Data extracts below:

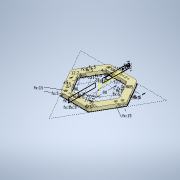
# Autodesk Inventor part: upper_board_mount
Saved by Autodesk Inventor 2021 (Build 250183000, 183)
## iProperties
Created: 2021-01-25
Part Number: upper_board_mount
Material: PC/ABS 플라스틱
Document SubType Name: Modeling
Designer: leejun
Density: 0.357273 g/cm^3
Appearance: 매끄러움 - 물푸레나무색
Author: leejun
Autodesk Inventor part; units mm, degrees
ref_plane "YZ Plane" through (0, 0, 0) normal (1, 0, 0) x (0, 1, 0)
ref_plane "XZ Plane" through (0, 0, 0) normal (0, 1, 0) x (-1, 0, 0)
ref_plane "XY Plane" through (0, 0, 0) normal (0, 0, 1) x (1, 0, 0)
sketch "스케치1" plane through (0, 0, 0) normal (0, 1, 0) x (-1, 0, 0)
  line L0 (128.6603, -74.282) -> (42.8868, -74.282) construction
  line L1 (-128.6603, -74.282) -> (0, 148.5641) construction
  line L2 (0, 148.5641) -> (128.6603, -74.282) construction
  line L3 (40, -69.282) -> (-40, -69.282) construction
  line L4 (-40, -69.282) -> (-40, -56.582) construction
  line L5 (-40, -56.582) -> (40, -56.582) construction
  line L6 (40, -56.582) -> (40, -69.282) construction
  line L7 (-80, 0) -> (-40, 69.282) construction
  line L8 (-40, 69.282) -> (-29.0015, 62.932) construction
  line L9 (-29.0015, 62.932) -> (-69.0015, -6.35) construction
  line L10 (-69.0015, -6.35) -> (-80, 0) construction
  line L11 (40, 69.282) -> (29.0015, 62.932) construction
  line L12 (29.0015, 62.932) -> (69.0015, -6.35) construction
  line L13 (69.0015, -6.35) -> (80, 0) construction
  line L14 (80, 0) -> (40, 69.282) construction
  line L15 (85.7735, 0) -> (42.8868, -74.282) construction
  line L16 (-42.8868, -74.282) -> (-85.7735, 0) construction
  line L17 (42.8868, 74.282) -> (-42.8868, 74.282) construction
  circle A0 centre (72.0007, 1.1551) radius 6.35 construction
  circle A1 centre (64.5007, 14.1455) radius 6.35 construction
  circle A2 centre (-35, -62.932) radius 6.35 construction
  circle A3 centre (-20, -62.932) radius 6.35 construction
  circle A4 centre (-37.0007, 61.7769) radius 6.35 construction
  circle A5 centre (-44.5007, 48.7865) radius 6.35 construction
  circle A6 centre (72.0007, 1.1551) radius 2.65 construction
  circle A7 centre (64.5007, 14.1455) radius 2.65 construction
  circle A8 centre (-20, -62.932) radius 2.65 construction
  circle A9 centre (-35, -62.932) radius 2.65 construction
  circle A10 centre (-44.5007, 48.7865) radius 2.65 construction
  circle A11 centre (-37.0007, 61.7769) radius 2.65 construction
  line L18 (40, -56.582) -> (-40, -69.282) construction
  line L19 (-40, -56.582) -> (40, -69.282) construction
  line L20 (69.0015, -6.35) -> (40, 69.282) construction
  line L21 (80, 0) -> (29.0015, 62.932) construction
  line L22 (-29.0015, 62.932) -> (-80, 0) construction
  line L23 (-69.0015, -6.35) -> (-40, 69.282) construction
  line L24 (72.0007, 1.1551) -> (64.5007, 14.1455) construction
  line L25 (-20, -62.932) -> (-35, -62.932) construction
  line L26 (-37.0007, 61.7769) -> (-44.5007, 48.7865) construction
  circle A12 centre (35, -62.932) radius 2.15
  circle A13 centre (20, -62.932) radius 2.15
  circle A14 centre (44.5007, 48.7865) radius 2.15
  circle A15 centre (37.0007, 61.7769) radius 2.15
  circle A16 centre (-72.0007, 1.1551) radius 2.15
  circle A17 centre (-64.5007, 14.1455) radius 2.15
  line L27 (42.8868, -74.282) -> (-42.8868, -74.282) construction
  line L28 (-42.8868, -74.282) -> (-128.6603, -74.282) construction
  line L29 (0, -62.932) -> (-54.5007, 31.466) construction
  line L30 (-54.5007, 31.466) -> (54.5007, 31.466) construction
  line L31 (54.5007, 31.466) -> (0, -62.932) construction
  line L32 (68.844, -27.6227) -> (58.344, -45.8093) construction
  line L33 (58.344, -45.8093) -> (40.1575, -35.3093) construction
  line L34 (40.1575, -35.3093) -> (50.6575, -17.1227) construction
  line L35 (50.6575, -17.1227) -> (68.844, -27.6227) construction
  line L36 (10.5, 73.432) -> (-10.5, 73.432) construction
  line L37 (-10.5, 73.432) -> (-10.5, 52.432) construction
  line L38 (-10.5, 52.432) -> (10.5, 52.432) construction
  line L39 (10.5, 52.432) -> (10.5, 73.432) construction
  line L40 (-58.344, -45.8093) -> (-68.844, -27.6227) construction
  line L41 (-68.844, -27.6227) -> (-50.6575, -17.1227) construction
  line L42 (-50.6575, -17.1227) -> (-40.1575, -35.3093) construction
  line L43 (-40.1575, -35.3093) -> (-58.344, -45.8093) construction
  line L44 (45.4075, -26.216) -> (-45.4075, -26.216) construction
  line L45 (-45.4075, -26.216) -> (0, 52.432) construction
  line L46 (0, 52.432) -> (45.4075, -26.216) construction
  line L47 (61.8712, 0) -> (30.9356, -53.582)
  line L48 (30.9356, -53.582) -> (-30.9356, -53.582)
  line L49 (-30.9356, -53.582) -> (-61.8712, 0)
  line L50 (-61.8712, 0) -> (-30.9356, 53.582)
  line L51 (-30.9356, 53.582) -> (30.9356, 53.582)
  line L52 (30.9356, 53.582) -> (61.8712, 0)
  line L53 (83.4641, 0) -> (41.7321, -72.282)
  line L54 (41.7321, -72.282) -> (-41.7321, -72.282)
  line L55 (-41.7321, -72.282) -> (-83.4641, 0)
  line L56 (-83.4641, 0) -> (-41.7321, 72.282)
  line L57 (-41.7321, 72.282) -> (41.7321, 72.282)
  line L58 (41.7321, 72.282) -> (83.4641, 0)
  line L59 (68.844, -27.6227) -> (40.1575, -35.3093) construction
  line L60 (58.344, -45.8093) -> (50.6575, -17.1227) construction
  circle A18 centre (54.5007, -31.466) radius 9.35 construction
  line L61 (71.0668, -21.4727) -> (73.9536, -26.4727) construction
  line L62 (73.9536, -26.4727) -> (59.9029, -50.8093) construction
  line L63 (59.9029, -50.8093) -> (54.1293, -50.8093) construction
  line L64 (54.8721, -12.1227) -> (49.0986, -12.1227) construction
  line L65 (49.0986, -12.1227) -> (35.0479, -36.4593) construction
  line L66 (35.0479, -36.4593) -> (37.9347, -41.4593) construction
  line L67 (16.9375, 53.582) -> (14.0507, 48.582) construction
  line L68 (14.0507, 48.582) -> (-14.0507, 48.582) construction
  line L69 (-14.0507, 48.582) -> (-16.9375, 53.582) construction
  line L70 (16.9375, 72.282) -> (14.0507, 77.282) construction
  line L71 (14.0507, 77.282) -> (-14.0507, 77.282) construction
  line L72 (-14.0507, 77.282) -> (-16.9375, 72.282) construction
  line L73 (-37.9347, -41.4593) -> (-35.0479, -36.4593) construction
  line L74 (-35.0479, -36.4593) -> (-49.0986, -12.1227) construction
  line L75 (-49.0986, -12.1227) -> (-54.8721, -12.1227) construction
  line L76 (-71.0668, -21.4727) -> (-73.9536, -26.4727) construction
  line L77 (-73.9536, -26.4727) -> (-59.9029, -50.8093) construction
  line L78 (-59.9029, -50.8093) -> (-54.1293, -50.8093) construction
  line L79 (42.8868, 74.282) -> (40, 69.282) construction
  line L80 (80, 0) -> (85.7735, 0) construction
  line L81 (0, 40) -> (-12.7, 40) construction
  line L82 (-12.7, 40) -> (-12.7, 52.7) construction
  line L83 (-12.7, 52.7) -> (0, 52.7) construction
  line L84 (0, 52.7) -> (0, 40) construction
  line L85 (12.7, -40) -> (0, -40) construction
  line L86 (0, -52.7) -> (12.7, -52.7) construction
  line L87 (12.7, -52.7) -> (12.7, -40) construction
  line L88 (12.7, -52.7) -> (-12.7, 52.7) construction
  line L89 (0, -40) -> (0, -52.7) construction
  line L90 (0, 52.7) -> (0, -52.7) construction
  line L91 (-12.7, 40) -> (-22.7, 40)
  line L92 (-22.7, 40) -> (-22.7, 53.582)
  line L93 (-22.7, 53.582) -> (-12.7, 53.582)
  line L94 (-12.7, 53.582) -> (-12.7, 40)
  line L95 (12.7, -40) -> (22.7, -40)
  line L96 (22.7, -40) -> (22.7, -53.582)
  line L97 (22.7, -53.582) -> (12.7, -53.582)
  line L98 (12.7, -53.582) -> (12.7, -40)
  line L99 (-12.7, 52.7) -> (-22.7, 52.7)
  line L100 (12.7, -52.7) -> (22.7, -52.7)
  point P0 (0, 0)
  point P1 (0, 0)
  point P2 (0, 0)
  point P3 (0, 0)
  point P4 (0, 0)
  point P5 (0, 0)
  point P6 (0, 0)
  dimension "d1" = 12.7
  dimension "d12" = 80
  dimension "d13" = 5.3
  dimension "d14" = 5
  dimension "d15" = 20
  dimension "d16" = 5
  dimension "d17" = 20
  dimension "d18" = 5
  dimension "d19" = 20
  dimension "d79" = 4.3
  dimension "d80" = 5
  dimension "d81" = 15
  dimension "d82" = 5
  dimension "d83" = 15
  dimension "d84" = 5
  dimension "d85" = 15
  dimension "d86" = 5
  dimension "d88" = 21
  dimension "d89" = 3
  dimension "d90" = 3
  dimension "d92" = 5
  dimension "d93" = 5
  dimension "d95" = 5
  dimension "d96" = 5
  dimension "d97" = 5
  dimension "d98" = 5
  dimension "d99" = 5
  dimension "d100" = 5
  dimension "d101" = 5
  dimension "d102" = 5
  dimension "d103" = 5
  dimension "d104" = 5
  dimension "d105" = 5
  dimension "d106" = 5
  dimension "d107" = 5
  dimension "d108" = 5
  dimension "d136" = 5
  dimension "d137" = 5
  dimension "d140" = 12.7
  dimension "d142" = 80
  dimension "d143" = 10
  constraints: 202 end point, 48 parallel, 28 point on line, 19 centre point, 16 equal length, 15 horizontal, 14 tangent, 12 coincident, 11 perpendicular, 10 equal radius, 9 midpoint, 2 collinear, 47 other
  measures "d1" distance of L12.end L13.end
  measures "d12" distance of L11.end L12.end
  measures "d13" diameter of A6
  measures "d14" distance from line of L13 A0.centre
  measures "d15" distance from line of A1.centre L13
  measures "d16" distance from line of L4 A2.centre
  measures "d17" distance from line of L4 A3.centre
  measures "d18" distance from line of L8 A4.centre
  measures "d19" distance from line of L8 A5.centre
  measures "d79" diameter of A12
  measures "d80" distance from line of A12.centre L6
  measures "d81" distance of A13.centre A12.centre
  measures "d82" distance from line of L11 A15.centre
  measures "d83" distance of A15.centre A14.centre
  measures "d84" distance from line of A16.centre L10
  measures "d85" distance of A17.centre A16.centre
  measures "d86" distance between parallel lines of L14 L2
  measures "d88" distance of L33.end L34.end
  measures "d89" distance between parallel lines of L14 L58
  measures "d90" distance between parallel lines of L12 L52
  measures "d92" distance from line of L32.start L61
  measures "d93" distance from line of L63 L32.end
  measures "d95" distance from line of L66 L33.end
  measures "d96" distance from line of L64 L34.end
  measures "d97" distance between parallel lines of L71 L57
  measures "d98" distance from line of L36.start L70
  measures "d99" distance from line of L72 L36.end
  measures "d100" distance between parallel lines of L51 L68
  measures "d101" distance from line of L38.end L67
  measures "d102" distance from line of L37.end L69
  measures "d103" distance between parallel lines of L49 L74
  measures "d104" distance from line of L42.end L73
  measures "d105" distance from line of L75 L41.end
  measures "d106" distance between parallel lines of L77 L55
  measures "d107" distance from line of L40.start L78
  measures "d108" distance from line of L76 L40.end
  measures "d136" distance between parallel lines of L53 L62
  measures "d137" distance between parallel lines of L65 L47
  measures "d140" distance of L85.end L86.start
  measures "d142" distance between parallel lines of L81 L85
  measures "d143" distance of L81.end L91.end
extrude "돌출18" add sketch "스케치1" along normal blind 10
sketch "스케치15" plane through (0, 0, 0) normal (0, -1, 0) x (1, 0, 0)
  line L0 (-41.7321, 72.282) -> (41.7321, 72.282) projected
  line L1 (-83.4641, 0) -> (-41.7321, 72.282) projected
  line L2 (-41.7321, -72.282) -> (-83.4641, 0) projected
  line L3 (41.7321, -72.282) -> (-41.7321, -72.282) projected
  line L4 (83.4641, 0) -> (41.7321, -72.282) projected
  line L5 (41.7321, 72.282) -> (83.4641, 0) projected
  circle A0 centre (-35, -62.932) radius 2.15 projected
  circle A1 centre (-20, -62.932) radius 2.15 projected
  circle A2 centre (-37.0007, 61.7769) radius 2.15 projected
  circle A3 centre (64.5007, 14.1455) radius 2.15 projected
  circle A4 centre (72.0007, 1.1551) radius 2.15 projected
  circle A5 centre (-44.5007, 48.7865) radius 2.15 projected
  line L6 (-61.8712, 0) -> (-30.9356, -53.582) projected
  line L7 (-30.9356, 53.582) -> (-61.8712, 0) projected
  line L8 (30.9356, 53.582) -> (-30.9356, 53.582) projected
  line L9 (61.8712, 0) -> (30.9356, 53.582) projected
  line L10 (30.9356, -53.582) -> (61.8712, 0) projected
  line L11 (-30.9356, -53.582) -> (30.9356, -53.582) projected
  line L12 (-44.5007, 48.7865) -> (-37.0007, 61.7769) construction
  line L13 (-40.1706, 46.2865) -> (-32.6706, 59.2769)
  line L14 (-41.3309, 64.2769) -> (-48.8309, 51.2865)
  arc A6 (-48.8309, 51.2865) -> (-40.1706, 46.2865) centre (-44.5007, 48.7865) ccw
  arc A7 (-32.6706, 59.2769) -> (-41.3309, 64.2769) centre (-37.0007, 61.7769) ccw
  line L15 (-35, -62.932) -> (-20, -62.932) construction
  line L16 (-35, -67.932) -> (-20, -67.932)
  line L17 (-20, -57.932) -> (-35, -57.932)
  arc A8 (-35, -57.932) -> (-35, -67.932) centre (-35, -62.932) ccw
  arc A9 (-20, -67.932) -> (-20, -57.932) centre (-20, -62.932) ccw
  circle A10 centre (72.0007, 1.1551) radius 2.15 projected
  circle A11 centre (64.5007, 14.1455) radius 2.15 projected
  line L18 (72.0007, 1.1551) -> (64.5007, 14.1455) construction
  line L19 (76.3309, 3.6551) -> (68.8309, 16.6455)
  line L20 (60.1706, 11.6455) -> (67.6706, -1.3449)
  arc A12 (67.6706, -1.3449) -> (76.3309, 3.6551) centre (72.0007, 1.1551) ccw
  arc A13 (68.8309, 16.6455) -> (60.1706, 11.6455) centre (64.5007, 14.1455) ccw
  point P0 (0, 0)
  point P1 (-40.7507, 55.2817)
  point P2 (-27.5, -62.932)
  point P3 (68.2507, 7.6503)
  dimension "d148" = 5
  constraints: 24 end point, 12 point on circle, 12 tangent, 6 centre point, 3 midpoint, 3 parallel, 2 equal radius, 1 horizontal
  measures "d148" radius of A6
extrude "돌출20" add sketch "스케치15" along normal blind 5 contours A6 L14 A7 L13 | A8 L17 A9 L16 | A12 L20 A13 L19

End of Data extracts.

__The problem__:
Copy the records above from the first line through the line containing "circle A7 centre", both included, and leave out any pictures.

__Response to the exercise__:
# Autodesk Inventor part: upper_board_mount
Saved by Autodesk Inventor 2021 (Build 250183000, 183)
## iProperties
Created: 2021-01-25
Part Number: upper_board_mount
Material: PC/ABS 플라스틱
Document SubType Name: Modeling
Designer: leejun
Density: 0.357273 g/cm^3
Appearance: 매끄러움 - 물푸레나무색
Author: leejun
Autodesk Inventor part; units mm, degrees
ref_plane "YZ Plane" through (0, 0, 0) normal (1, 0, 0) x (0, 1, 0)
ref_plane "XZ Plane" through (0, 0, 0) normal (0, 1, 0) x (-1, 0, 0)
ref_plane "XY Plane" through (0, 0, 0) normal (0, 0, 1) x (1, 0, 0)
sketch "스케치1" plane through (0, 0, 0) normal (0, 1, 0) x (-1, 0, 0)
  line L0 (128.6603, -74.282) -> (42.8868, -74.282) construction
  line L1 (-128.6603, -74.282) -> (0, 148.5641) construction
  line L2 (0, 148.5641) -> (128.6603, -74.282) construction
  line L3 (40, -69.282) -> (-40, -69.282) construction
  line L4 (-40, -69.282) -> (-40, -56.582) construction
  line L5 (-40, -56.582) -> (40, -56.582) construction
  line L6 (40, -56.582) -> (40, -69.282) construction
  line L7 (-80, 0) -> (-40, 69.282) construction
  line L8 (-40, 69.282) -> (-29.0015, 62.932) construction
  line L9 (-29.0015, 62.932) -> (-69.0015, -6.35) construction
  line L10 (-69.0015, -6.35) -> (-80, 0) construction
  line L11 (40, 69.282) -> (29.0015, 62.932) construction
  line L12 (29.0015, 62.932) -> (69.0015, -6.35) construction
  line L13 (69.0015, -6.35) -> (80, 0) construction
  line L14 (80, 0) -> (40, 69.282) construction
  line L15 (85.7735, 0) -> (42.8868, -74.282) construction
  line L16 (-42.8868, -74.282) -> (-85.7735, 0) construction
  line L17 (42.8868, 74.282) -> (-42.8868, 74.282) construction
  circle A0 centre (72.0007, 1.1551) radius 6.35 construction
  circle A1 centre (64.5007, 14.1455) radius 6.35 construction
  circle A2 centre (-35, -62.932) radius 6.35 construction
  circle A3 centre (-20, -62.932) radius 6.35 construction
  circle A4 centre (-37.0007, 61.7769) radius 6.35 construction
  circle A5 centre (-44.5007, 48.7865) radius 6.35 construction
  circle A6 centre (72.0007, 1.1551) radius 2.65 construction
  circle A7 centre (64.5007, 14.1455) radius 2.65 construction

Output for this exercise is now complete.